■ Work task
In the entries below, find the line with "line L2 (-53.25, 15.75) -> (-43.25, 15.75) construction" and the line with "line L10 (8.25, -13.75)". Return those two lines and all lines between them, exactly.

■ Material shown

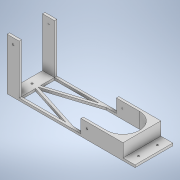
# Autodesk Inventor part: frame
Saved by Autodesk Inventor 2020 (Build 240168000, 168)
## iProperties
Created: 2020-02-29
Part Number: frame
Material: Типовые
Document SubType Name: Modeling
Designer: CSS38
Density: 1 g/cm^3
Appearance: По умолчанию
Author: CSS38
Autodesk Inventor part; units mm, degrees
ref_plane "YZ Plane" through (0, 0, 0) normal (1, 0, 0) x (0, 1, 0)
ref_plane "XZ Plane" through (0, 0, 0) normal (0, 1, 0) x (-1, 0, 0)
ref_plane "XY Plane" through (0, 0, 0) normal (0, 0, 1) x (1, 0, 0)
sketch "Эскиз1" plane through (0, 0, 0) normal (0, 1, 0) x (-1, 0, 0)
  line L0 (-53.25, 15.75) -> (53.25, 15.75)
  line L1 (53.25, 15.75) -> (53.25, -15.75)
  line L2 (53.25, -15.75) -> (-53.25, -15.75)
  line L3 (-53.25, -15.75) -> (-53.25, 15.75)
  line L4 (-53.25, 15.75) -> (53.25, -15.75) construction
  line L5 (53.25, 15.75) -> (-53.25, -15.75) construction
  line L6 (-43.25, -13.75) -> (0, -13.75)
  line L7 (43.25, -13.75) -> (43.25, -2.0986)
  line L8 (43.25, 13.75) -> (6.6012, 13.75)
  line L9 (-43.25, 13.75) -> (-43.25, -13.75)
  line L10 (0, -22.05) -> (0, 22.05) construction
  line L11 (0, -15.75) -> (0, -13.75) construction
  line L12 (0, 13.75) -> (0, 15.75) construction
  line L13 (0, -13.75) -> (43.25, 0)
  line L14 (43.25, 0) -> (0, 13.75)
  line L15 (6.6012, 13.75) -> (43.25, 2.0986)
  line L16 (43.25, -2.0986) -> (6.6012, -13.75)
  line L17 (43.25, -2.0986) -> (43.25, 2.0986) construction
  line L18 (43.25, 2.0986) -> (43.25, 13.75)
  line L19 (6.6012, -13.75) -> (43.25, -13.75)
  line L20 (0, -13.75) -> (6.6012, -13.75) construction
  line L21 (6.6012, 13.75) -> (0, 13.75) construction
  line L22 (0, 13.75) -> (-43.25, 13.75)
  line L23 (43.25, -2.0986) -> (42.644, -0.1926) construction
  line L24 (43.25, 2.0986) -> (42.644, 0.1926) construction
  point P0 (0, 0)
  point P1 (0, 0)
  dimension "d0" = 106.5
  dimension "d5" = 10
  dimension "d24" = 27.5
  dimension "d28" = 10
  dimension "d29" = 2
  constraints: 48 end point, 16 parallel, 16 perpendicular, 4 equal length, 4 midpoint, 4 point on line, 2 collinear, 1 coincident, 1 horizontal
  measures "d0" distance of L1.end L2.end
  measures "d5" distance between parallel lines of L9 L3
  measures "d24" distance of L9.start L6.start
  measures "d28" distance between parallel lines of L1 L7
  measures "d29" distance of L11.start L6.end
extrude "Выдавливание1" add sketch "Эскиз1" along normal blind 2
sketch "Эскиз2" plane through (0, 0, 0) normal (0, 1, 0) x (-1, 0, 0)
  line L0 (-43.25, -15.75) -> (-43.25, 15.75)
  line L1 (53.25, 15.75) -> (-53.25, 15.75) projected
  line L2 (-53.25, 15.75) -> (-53.25, -15.75) projected
  line L3 (0, -13.75) -> (-43.25, -13.75) construction
  line L4 (-41.25, -13.75) -> (-41.25, 13.75) construction
  line L5 (6.6012, 13.75) -> (43.25, 13.75) construction
  line L6 (-41.25, -13.75) -> (-27.5, -13.75) construction
  line L7 (-8.25, -13.75) -> (-8.25, -15.75)
  line L8 (-53.25, -15.75) -> (53.25, -15.75) projected
  line L9 (-8.25, -15.75) -> (-43.25, -15.75)
  line L10 (-43.25, 15.75) -> (-8.25, 15.75)
  line L11 (-8.25, 13.75) -> (-27.5, 13.75)
  line L12 (-8.25, 13.75) -> (-8.25, 15.75)
  arc A0 (-27.5, 13.75) -> (-27.5, -13.75) centre (-27.5, 0) ccw
  line L13 (-27.5, -13.75) -> (-8.25, -13.75)
  line L14 (-27.5, 13.75) -> (-41.25, 13.75) construction
  line L15 (-43.25, -13.75) -> (-43.25, 13.75) projected
  point P0 (0, 0)
  point P1 (43.25, -13.75)
  point P2 (-43.25, -15.75)
  dimension "d13" = 2
  dimension "d14" = 33
  constraints: 20 end point, 7 point on line, 5 tangent, 4 collinear, 3 perpendicular, 3 vertical, 2 point on circle, 1 centre point
  measures "d13" distance between parallel lines of L0 L4
  measures "d14" distance of L4.start L7.start
extrude "Выдавливание2" add sketch "Эскиз2" along normal blind 13 contours L0 L1 L12 L11 A0 L13 L7 L8
sketch "Эскиз3" plane through (0, 2, 0) normal (0, 1, 0) x (1, 0, 0)
  line L0 (-43.25, 13.75) -> (-53.25, 13.75)
  line L1 (-53.25, 13.75) -> (-53.25, 15.75)
  line L2 (-53.25, 15.75) -> (-43.25, 15.75)
  line L3 (-43.25, 15.75) -> (-43.25, 13.75)
  line L4 (-53.25, 15.75) -> (-53.25, -15.75) construction
  line L5 (-53.25, -15.75) -> (-43.25, -15.75)
  line L6 (-43.25, -15.75) -> (-43.25, -13.75)
  line L7 (-43.25, -13.75) -> (-53.25, -13.75)
  line L8 (-53.25, -13.75) -> (-53.25, -15.75)
  point P0 (0, 0)
  point P1 (8.25, -13.75)
  constraints: 16 end point, 4 parallel, 2 coincident, 2 horizontal, 2 perpendicular
extrude "Выдавливание3" add sketch "Эскиз3" along normal blind 41
sketch "Эскиз4" plane through (-53.25, 0, 15.75) normal (0, 0, 1) x (1, 0, 0)
  line L0 (10, 43) -> (0, 43) construction
  line L1 (0, 43) -> (10, 43) construction
  line L2 (10, 43) -> (10, 33) construction
  line L3 (10, 33) -> (0, 33) construction
  line L4 (0, 33) -> (0, 43) construction
  line L5 (106.5, 0) -> (0, 0) construction
  line L6 (0, 0) -> (0, 43) construction
  line L7 (10, 43) -> (10, 2) construction
  line L8 (10, 2) -> (61.5, 2) construction
  line L9 (61.5, 2) -> (61.5, 13) construction
  line L10 (61.5, 13) -> (96.5, 13) construction
  line L11 (96.5, 13) -> (96.5, 2) construction
  line L12 (96.5, 2) -> (106.5, 2) construction
  line L13 (106.5, 2) -> (106.5, 0) construction
  line L14 (10, 2) -> (10, 43) construction
  line L15 (0, 0) -> (0, 43) construction
  line L16 (10, 33) -> (0, 43) construction
  line L17 (10, 43) -> (0, 33) construction
  circle A0 centre (5, 38) radius 0.5
  line L18 (61.5, 13) -> (71.5, 13) construction
  line L19 (71.5, 13) -> (71.5, 3) construction
  line L20 (71.5, 3) -> (61.5, 3) construction
  line L21 (61.5, 3) -> (61.5, 13) construction
  line L22 (71.5, 13) -> (61.5, 3) construction
  line L23 (61.5, 2) -> (61.5, 13) construction
  line L24 (61.5, 13) -> (71.5, 3) construction
  circle A1 centre (66.5, 8) radius 0.5
  line L25 (0, 43) -> (10, 43) projected
  point P0 (53.25, 0)
  dimension "d19" = 1
  dimension "d20" = 10
  dimension "d21" = 1
  constraints: 24 end point, 5 perpendicular, 4 parallel, 2 centre point, 2 horizontal, 2 midpoint, 1 collinear
  measures "d19" diameter of A0
  measures "d20" distance of L19.end L20.end
  measures "d21" diameter of A1
hole "Отверстие1" at (-48.25, 38, 15.75) at (13.25, 8, 15.75) direction (0, 0, -1) diameter 1 depth 15.75 countersink diameter 1.5 countersink angle 90
mirror "Зеркальное отражение1" about plane through (0, 0, 0) normal (0, 0, 1) of "Отверстие1"
sketch "Эскиз5" plane through (0, 2, 0) normal (0, 1, 0) x (1, 0, 0)
  line L0 (8.25, 13.75) -> (8.25, 15.75) construction
  line L1 (-43.25, 15.75) -> (8.25, 15.75) construction
  line L2 (-53.25, 15.75) -> (-43.25, 15.75) construction
  line L3 (-53.25, 13.75) -> (-53.25, 15.75) construction
  line L4 (-43.25, 13.75) -> (-53.25, 13.75) construction
  line L5 (-43.25, 13.75) -> (-43.25, 2.0986) construction
  line L6 (-43.25, 2.0986) -> (-6.6012, 13.75) construction
  line L7 (-6.6012, 13.75) -> (-43.25, 13.75) construction
  line L8 (8.25, 13.75) -> (0, 13.75) construction
  line L9 (27.5, 13.75) -> (8.25, 13.75) construction
  arc A0 (27.5, -13.75) -> (27.5, 13.75) centre (27.5, 0) ccw construction
  line L10 (8.25, -13.75) -> (27.5, -13.75) construction
  line L11 (8.25, -15.75) -> (8.25, -13.75) construction
  line L12 (8.25, -15.75) -> (-43.25, -15.75) construction
  line L13 (-43.25, -13.75) -> (-43.25, -15.75) construction
  line L14 (-43.25, -13.75) -> (-6.6012, -13.75) construction
  line L15 (-6.6012, -13.75) -> (-43.25, -2.0986) construction
  line L16 (-43.25, -2.0986) -> (-43.25, -13.75) construction
  line L17 (8.25, 15.75) -> (43.25, 15.75) construction
  line L18 (43.25, 15.75) -> (43.25, -15.75) construction
  line L19 (53.25, -15.75) -> (43.25, -15.75) construction
  line L20 (53.25, 15.75) -> (53.25, -15.75) construction
  line L21 (43.25, 15.75) -> (53.25, 15.75) construction
  line L22 (-43.25, 15.75) -> (-43.25, 13.75) construction
  line L23 (-53.25, -13.75) -> (-53.25, 13.75) construction
  line L24 (-53.25, -15.75) -> (-53.25, -13.75) construction
  line L25 (-43.25, -15.75) -> (-53.25, -15.75) construction
  line L26 (0, 13.75) -> (-43.25, 0) construction
  line L27 (-43.25, 0) -> (0, -13.75) construction
  line L28 (0, -13.75) -> (8.25, -13.75) construction
  line L29 (43.25, -15.75) -> (8.25, -15.75) construction
  line L30 (-53.25, -13.75) -> (-43.25, -13.75) construction
  line L31 (53.25, 15.75) -> (-53.25, 15.75) construction
  line L32 (-53.25, 15.75) -> (-43.25, -15.75) construction
  line L33 (-53.25, -15.75) -> (53.25, -15.75) construction
  line L34 (-53.25, -15.75) -> (-43.25, 15.75) construction
  line L35 (53.25, 15.75) -> (43.25, 0) construction
  line L36 (43.25, 15.75) -> (53.25, 0) construction
  line L37 (53.25, -15.75) -> (53.25, 15.75) construction
  line L38 (53.25, 0) -> (43.25, -15.75) construction
  line L39 (53.25, -15.75) -> (43.25, 0) construction
  circle A1 centre (-48.25, 0) radius 0.5
  circle A2 centre (48.25, 7.875) radius 0.5
  circle A3 centre (48.25, -7.875) radius 0.5
  point P0 (0, 0)
  dimension "d37" = 1
  constraints: 12 end point, 5 midpoint, 3 centre point, 2 equal radius, 2 parallel
  measures "d37" diameter of A1
hole "Отверстие2" at (-48.25, 2, 0) at (48.25, 2, 7.875) at (48.25, 2, -7.875) direction (0, -1, 0) diameter 1 end through all countersink diameter 1.5 countersink angle 90

■ Task response
  line L2 (-53.25, 15.75) -> (-43.25, 15.75) construction
  line L3 (-53.25, 13.75) -> (-53.25, 15.75) construction
  line L4 (-43.25, 13.75) -> (-53.25, 13.75) construction
  line L5 (-43.25, 13.75) -> (-43.25, 2.0986) construction
  line L6 (-43.25, 2.0986) -> (-6.6012, 13.75) construction
  line L7 (-6.6012, 13.75) -> (-43.25, 13.75) construction
  line L8 (8.25, 13.75) -> (0, 13.75) construction
  line L9 (27.5, 13.75) -> (8.25, 13.75) construction
  arc A0 (27.5, -13.75) -> (27.5, 13.75) centre (27.5, 0) ccw construction
  line L10 (8.25, -13.75) -> (27.5, -13.75) construction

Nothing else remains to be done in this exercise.